MessageService::~MessageService() {
    // TODO Auto-generated destructor stub
}

The header file:

    using boost::asio::ip::tcp;

class MessageService {
public:
    MessageService(std::string ip, std::string port);
    virtual ~MessageService();
    void write(AgentMessage agentMessage, long systemTime, int JVM_ID);
    void await();

private:
    boost::asio::io_service io_service;
    boost::asio::io_service::work work;
    tcp::resolver resolver;
    tcp::resolver::iterator endpoint_iterator;
    tcp::socket socket;
    std::deque<AgentMessage> *messageQueue;

    void do_write(AgentMessage agentMessage);

    void do_close();

    void handle_write(const boost::system::error_code &error);

    void handle_connect(const boost::system::error_code &error,
            tcp::resolver::iterator endpoint_iterator);

    void transmitMessage(AgentMessage agentMessage);
};

---

this method seems dubious to me

void MessageService::transmitMessage(AgentMessage agentMessage) {
    ++i;

    boost::asio::streambuf b;
    std::ostream os(&b);

    ZeroCopyOutputStream *raw_output = new OstreamOutputStream(&os);
    CodedOutputStream *coded_output = new CodedOutputStream(raw_output);

    coded_output->WriteVarint32(agentMessage.ByteSize());
    agentMessage.SerializeToCodedStream(coded_output);

    delete coded_output;
    delete raw_output;

    boost::system::error_code ignored_error;

    boost::asio::async_write(socket, b.data(), boost::bind(
            &MessageService::handle_write, this,
            boost::asio::placeholders::error));
}

You appear to be serializing an AgentMessage (which should be passed via const reference btw) into a streambuf. Yet this serialized data does is not guaranteed to exist until the async_write completion handler is invoked, which is explicitly described in the async_write documentation

buffers

One or more buffers containing the data to be written. Although the buffers object may be copied as necessary, ownership of the underlying memory blocks is retained by the caller, which must guarantee that they remain valid until the handler is called.

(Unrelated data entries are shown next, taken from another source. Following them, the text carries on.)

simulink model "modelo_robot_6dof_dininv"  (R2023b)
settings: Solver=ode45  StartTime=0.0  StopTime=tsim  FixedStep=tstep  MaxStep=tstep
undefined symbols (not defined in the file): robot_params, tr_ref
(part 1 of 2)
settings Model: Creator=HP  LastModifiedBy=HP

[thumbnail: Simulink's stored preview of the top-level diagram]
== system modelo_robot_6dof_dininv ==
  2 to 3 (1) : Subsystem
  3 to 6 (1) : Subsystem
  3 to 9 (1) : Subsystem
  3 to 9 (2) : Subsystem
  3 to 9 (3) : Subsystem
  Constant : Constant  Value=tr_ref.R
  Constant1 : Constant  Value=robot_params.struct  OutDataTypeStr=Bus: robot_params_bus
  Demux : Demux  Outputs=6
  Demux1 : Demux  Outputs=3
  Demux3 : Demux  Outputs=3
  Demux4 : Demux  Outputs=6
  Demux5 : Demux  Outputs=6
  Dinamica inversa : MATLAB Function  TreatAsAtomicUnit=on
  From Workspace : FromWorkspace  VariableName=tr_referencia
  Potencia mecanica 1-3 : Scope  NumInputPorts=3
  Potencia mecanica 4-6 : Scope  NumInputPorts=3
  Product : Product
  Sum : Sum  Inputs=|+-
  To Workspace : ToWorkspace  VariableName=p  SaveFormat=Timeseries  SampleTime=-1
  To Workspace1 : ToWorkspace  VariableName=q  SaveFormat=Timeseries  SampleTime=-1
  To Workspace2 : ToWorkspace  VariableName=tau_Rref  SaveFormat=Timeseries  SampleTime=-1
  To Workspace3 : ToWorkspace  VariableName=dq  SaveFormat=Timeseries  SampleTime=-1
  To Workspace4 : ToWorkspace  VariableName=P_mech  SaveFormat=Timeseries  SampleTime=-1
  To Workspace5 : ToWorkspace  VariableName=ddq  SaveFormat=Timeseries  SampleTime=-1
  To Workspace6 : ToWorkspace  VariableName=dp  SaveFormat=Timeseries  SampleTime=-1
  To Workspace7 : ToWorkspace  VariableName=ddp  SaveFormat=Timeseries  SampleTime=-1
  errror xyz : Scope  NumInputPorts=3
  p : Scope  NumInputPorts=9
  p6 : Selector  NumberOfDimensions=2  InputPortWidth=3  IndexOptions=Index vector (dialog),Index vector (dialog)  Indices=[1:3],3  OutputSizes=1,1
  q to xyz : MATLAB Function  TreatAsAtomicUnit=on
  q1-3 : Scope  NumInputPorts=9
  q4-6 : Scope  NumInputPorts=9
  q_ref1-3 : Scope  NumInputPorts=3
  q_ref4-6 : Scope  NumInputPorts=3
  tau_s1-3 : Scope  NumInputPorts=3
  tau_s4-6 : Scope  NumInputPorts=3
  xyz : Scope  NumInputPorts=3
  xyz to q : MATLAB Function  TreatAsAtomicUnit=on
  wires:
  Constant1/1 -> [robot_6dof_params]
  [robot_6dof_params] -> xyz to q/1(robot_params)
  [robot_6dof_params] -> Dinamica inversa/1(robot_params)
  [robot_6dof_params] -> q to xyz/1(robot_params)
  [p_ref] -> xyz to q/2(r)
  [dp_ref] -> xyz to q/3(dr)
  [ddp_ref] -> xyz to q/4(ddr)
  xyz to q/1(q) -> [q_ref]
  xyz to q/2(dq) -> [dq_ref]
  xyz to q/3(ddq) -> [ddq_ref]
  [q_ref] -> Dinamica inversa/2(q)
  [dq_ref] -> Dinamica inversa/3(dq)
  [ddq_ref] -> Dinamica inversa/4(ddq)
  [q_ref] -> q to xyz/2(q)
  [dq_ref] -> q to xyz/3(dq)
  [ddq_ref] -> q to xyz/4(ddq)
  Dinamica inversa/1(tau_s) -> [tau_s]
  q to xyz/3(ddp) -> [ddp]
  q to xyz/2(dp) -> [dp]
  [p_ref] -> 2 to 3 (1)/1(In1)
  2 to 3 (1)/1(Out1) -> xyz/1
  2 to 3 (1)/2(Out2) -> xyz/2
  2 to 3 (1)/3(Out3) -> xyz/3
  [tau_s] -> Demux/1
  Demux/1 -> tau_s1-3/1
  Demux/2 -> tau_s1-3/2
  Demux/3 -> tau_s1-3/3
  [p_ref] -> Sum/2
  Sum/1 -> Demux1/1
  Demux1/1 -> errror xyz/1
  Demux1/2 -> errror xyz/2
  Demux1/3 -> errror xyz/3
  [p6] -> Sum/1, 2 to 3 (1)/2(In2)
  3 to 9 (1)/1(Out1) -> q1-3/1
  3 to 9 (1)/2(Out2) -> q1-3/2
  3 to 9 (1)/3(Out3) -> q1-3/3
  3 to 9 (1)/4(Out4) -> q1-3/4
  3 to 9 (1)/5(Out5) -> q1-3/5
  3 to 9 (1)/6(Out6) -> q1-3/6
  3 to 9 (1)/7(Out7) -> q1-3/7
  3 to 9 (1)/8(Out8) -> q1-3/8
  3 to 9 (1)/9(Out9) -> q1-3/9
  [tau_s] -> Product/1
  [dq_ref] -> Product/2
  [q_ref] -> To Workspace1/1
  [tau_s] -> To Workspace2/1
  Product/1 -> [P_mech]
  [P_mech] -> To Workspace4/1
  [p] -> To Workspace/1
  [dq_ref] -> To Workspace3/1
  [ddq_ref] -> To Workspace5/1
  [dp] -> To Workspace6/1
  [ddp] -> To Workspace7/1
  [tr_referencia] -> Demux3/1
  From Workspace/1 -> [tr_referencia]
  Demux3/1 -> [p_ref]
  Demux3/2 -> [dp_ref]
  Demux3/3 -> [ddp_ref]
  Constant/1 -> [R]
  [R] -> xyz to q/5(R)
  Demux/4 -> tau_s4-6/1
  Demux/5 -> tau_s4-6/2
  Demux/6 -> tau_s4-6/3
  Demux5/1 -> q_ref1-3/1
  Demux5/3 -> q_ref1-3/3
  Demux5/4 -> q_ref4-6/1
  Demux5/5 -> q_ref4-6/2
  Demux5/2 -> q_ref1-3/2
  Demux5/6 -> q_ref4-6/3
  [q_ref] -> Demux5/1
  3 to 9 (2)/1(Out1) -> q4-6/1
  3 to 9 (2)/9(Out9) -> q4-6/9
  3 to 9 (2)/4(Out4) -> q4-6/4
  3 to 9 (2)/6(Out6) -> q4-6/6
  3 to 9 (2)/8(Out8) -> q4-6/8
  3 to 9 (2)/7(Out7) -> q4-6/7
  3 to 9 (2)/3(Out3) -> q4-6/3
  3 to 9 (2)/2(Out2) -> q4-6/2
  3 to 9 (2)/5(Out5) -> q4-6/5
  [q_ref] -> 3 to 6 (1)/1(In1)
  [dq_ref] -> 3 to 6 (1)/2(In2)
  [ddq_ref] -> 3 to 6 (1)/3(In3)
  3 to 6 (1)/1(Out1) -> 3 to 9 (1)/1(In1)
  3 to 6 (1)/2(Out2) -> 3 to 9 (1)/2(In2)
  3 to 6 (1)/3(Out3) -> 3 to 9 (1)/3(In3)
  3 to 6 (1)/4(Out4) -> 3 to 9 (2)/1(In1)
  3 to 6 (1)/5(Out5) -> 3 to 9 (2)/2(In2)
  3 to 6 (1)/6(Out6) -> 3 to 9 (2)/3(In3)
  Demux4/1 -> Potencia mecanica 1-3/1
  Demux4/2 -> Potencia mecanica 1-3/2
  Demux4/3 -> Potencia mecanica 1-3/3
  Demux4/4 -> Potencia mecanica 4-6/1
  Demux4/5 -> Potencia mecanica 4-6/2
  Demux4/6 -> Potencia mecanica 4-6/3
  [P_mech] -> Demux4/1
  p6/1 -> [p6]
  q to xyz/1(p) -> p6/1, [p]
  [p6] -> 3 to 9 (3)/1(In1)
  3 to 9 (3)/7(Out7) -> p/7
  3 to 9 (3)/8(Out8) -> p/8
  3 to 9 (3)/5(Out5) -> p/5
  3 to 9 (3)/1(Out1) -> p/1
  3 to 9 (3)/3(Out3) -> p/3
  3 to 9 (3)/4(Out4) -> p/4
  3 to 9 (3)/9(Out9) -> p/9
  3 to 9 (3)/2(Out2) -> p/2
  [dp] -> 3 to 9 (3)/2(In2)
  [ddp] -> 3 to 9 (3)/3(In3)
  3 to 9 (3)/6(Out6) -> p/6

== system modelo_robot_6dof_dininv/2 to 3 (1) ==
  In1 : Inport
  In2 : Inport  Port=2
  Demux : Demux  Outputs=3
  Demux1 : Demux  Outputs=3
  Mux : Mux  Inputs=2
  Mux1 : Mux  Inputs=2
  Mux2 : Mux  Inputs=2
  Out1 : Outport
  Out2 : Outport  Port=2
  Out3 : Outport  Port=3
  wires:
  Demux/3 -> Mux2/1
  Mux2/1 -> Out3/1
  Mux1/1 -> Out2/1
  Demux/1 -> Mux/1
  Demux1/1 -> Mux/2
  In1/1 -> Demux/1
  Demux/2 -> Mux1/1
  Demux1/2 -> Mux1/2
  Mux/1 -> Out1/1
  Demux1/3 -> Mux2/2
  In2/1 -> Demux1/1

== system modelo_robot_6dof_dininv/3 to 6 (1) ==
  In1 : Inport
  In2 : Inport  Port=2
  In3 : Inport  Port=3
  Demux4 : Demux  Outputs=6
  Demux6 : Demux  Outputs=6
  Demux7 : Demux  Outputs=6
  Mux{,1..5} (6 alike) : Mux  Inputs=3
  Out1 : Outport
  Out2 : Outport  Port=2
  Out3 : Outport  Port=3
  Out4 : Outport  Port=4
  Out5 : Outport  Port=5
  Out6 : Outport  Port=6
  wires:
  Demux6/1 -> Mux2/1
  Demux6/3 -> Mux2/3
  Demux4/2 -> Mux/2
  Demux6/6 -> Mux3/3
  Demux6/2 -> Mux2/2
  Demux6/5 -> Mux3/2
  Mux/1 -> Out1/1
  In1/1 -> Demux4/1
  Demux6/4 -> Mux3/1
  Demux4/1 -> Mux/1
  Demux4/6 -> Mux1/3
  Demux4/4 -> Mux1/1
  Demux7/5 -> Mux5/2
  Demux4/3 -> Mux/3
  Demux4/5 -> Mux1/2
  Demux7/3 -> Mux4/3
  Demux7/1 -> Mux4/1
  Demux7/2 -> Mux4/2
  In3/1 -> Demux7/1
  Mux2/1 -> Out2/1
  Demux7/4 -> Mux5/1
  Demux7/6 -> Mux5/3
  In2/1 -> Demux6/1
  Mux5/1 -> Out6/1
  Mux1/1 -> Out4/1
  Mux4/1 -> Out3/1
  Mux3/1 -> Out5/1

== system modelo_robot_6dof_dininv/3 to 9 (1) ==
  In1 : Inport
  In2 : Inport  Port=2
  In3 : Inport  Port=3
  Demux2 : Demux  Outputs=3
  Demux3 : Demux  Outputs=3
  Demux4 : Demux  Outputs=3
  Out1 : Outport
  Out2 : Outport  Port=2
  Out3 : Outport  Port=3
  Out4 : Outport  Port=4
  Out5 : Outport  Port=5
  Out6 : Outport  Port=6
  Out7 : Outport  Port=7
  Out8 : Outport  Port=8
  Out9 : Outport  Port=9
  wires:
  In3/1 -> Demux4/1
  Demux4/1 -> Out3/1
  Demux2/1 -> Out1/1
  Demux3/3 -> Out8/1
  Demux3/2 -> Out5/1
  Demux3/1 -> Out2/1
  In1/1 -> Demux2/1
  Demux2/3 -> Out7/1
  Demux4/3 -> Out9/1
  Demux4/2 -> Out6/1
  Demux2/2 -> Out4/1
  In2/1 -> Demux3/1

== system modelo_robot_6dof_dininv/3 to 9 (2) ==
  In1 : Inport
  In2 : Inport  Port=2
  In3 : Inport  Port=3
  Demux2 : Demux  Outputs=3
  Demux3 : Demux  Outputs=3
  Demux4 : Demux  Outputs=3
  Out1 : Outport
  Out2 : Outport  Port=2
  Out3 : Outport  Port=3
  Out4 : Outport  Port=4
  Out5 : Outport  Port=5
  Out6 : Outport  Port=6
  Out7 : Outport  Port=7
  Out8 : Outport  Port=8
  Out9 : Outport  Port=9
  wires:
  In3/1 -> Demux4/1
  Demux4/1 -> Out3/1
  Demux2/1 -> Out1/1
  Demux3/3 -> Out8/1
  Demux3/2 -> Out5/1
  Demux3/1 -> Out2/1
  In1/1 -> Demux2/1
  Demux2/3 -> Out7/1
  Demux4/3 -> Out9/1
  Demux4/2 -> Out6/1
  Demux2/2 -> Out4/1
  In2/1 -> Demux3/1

to solve this behavior, ensure the buffer remains in scope until the completion handler is invoked. One way to do this is to pass the buffer as an argument to your bounded completion handler:

boost::asio::async_write(socket, b.data(), boost::bind(
            &MessageService::handle_write, this,
            boost::asio::placeholders::error,
            coded_output
            // ^^^ buffer goes here
            ));

then delete it from within the completion handler. I'd suggest you also look at using a shared_ptr instead of naked pointers as well.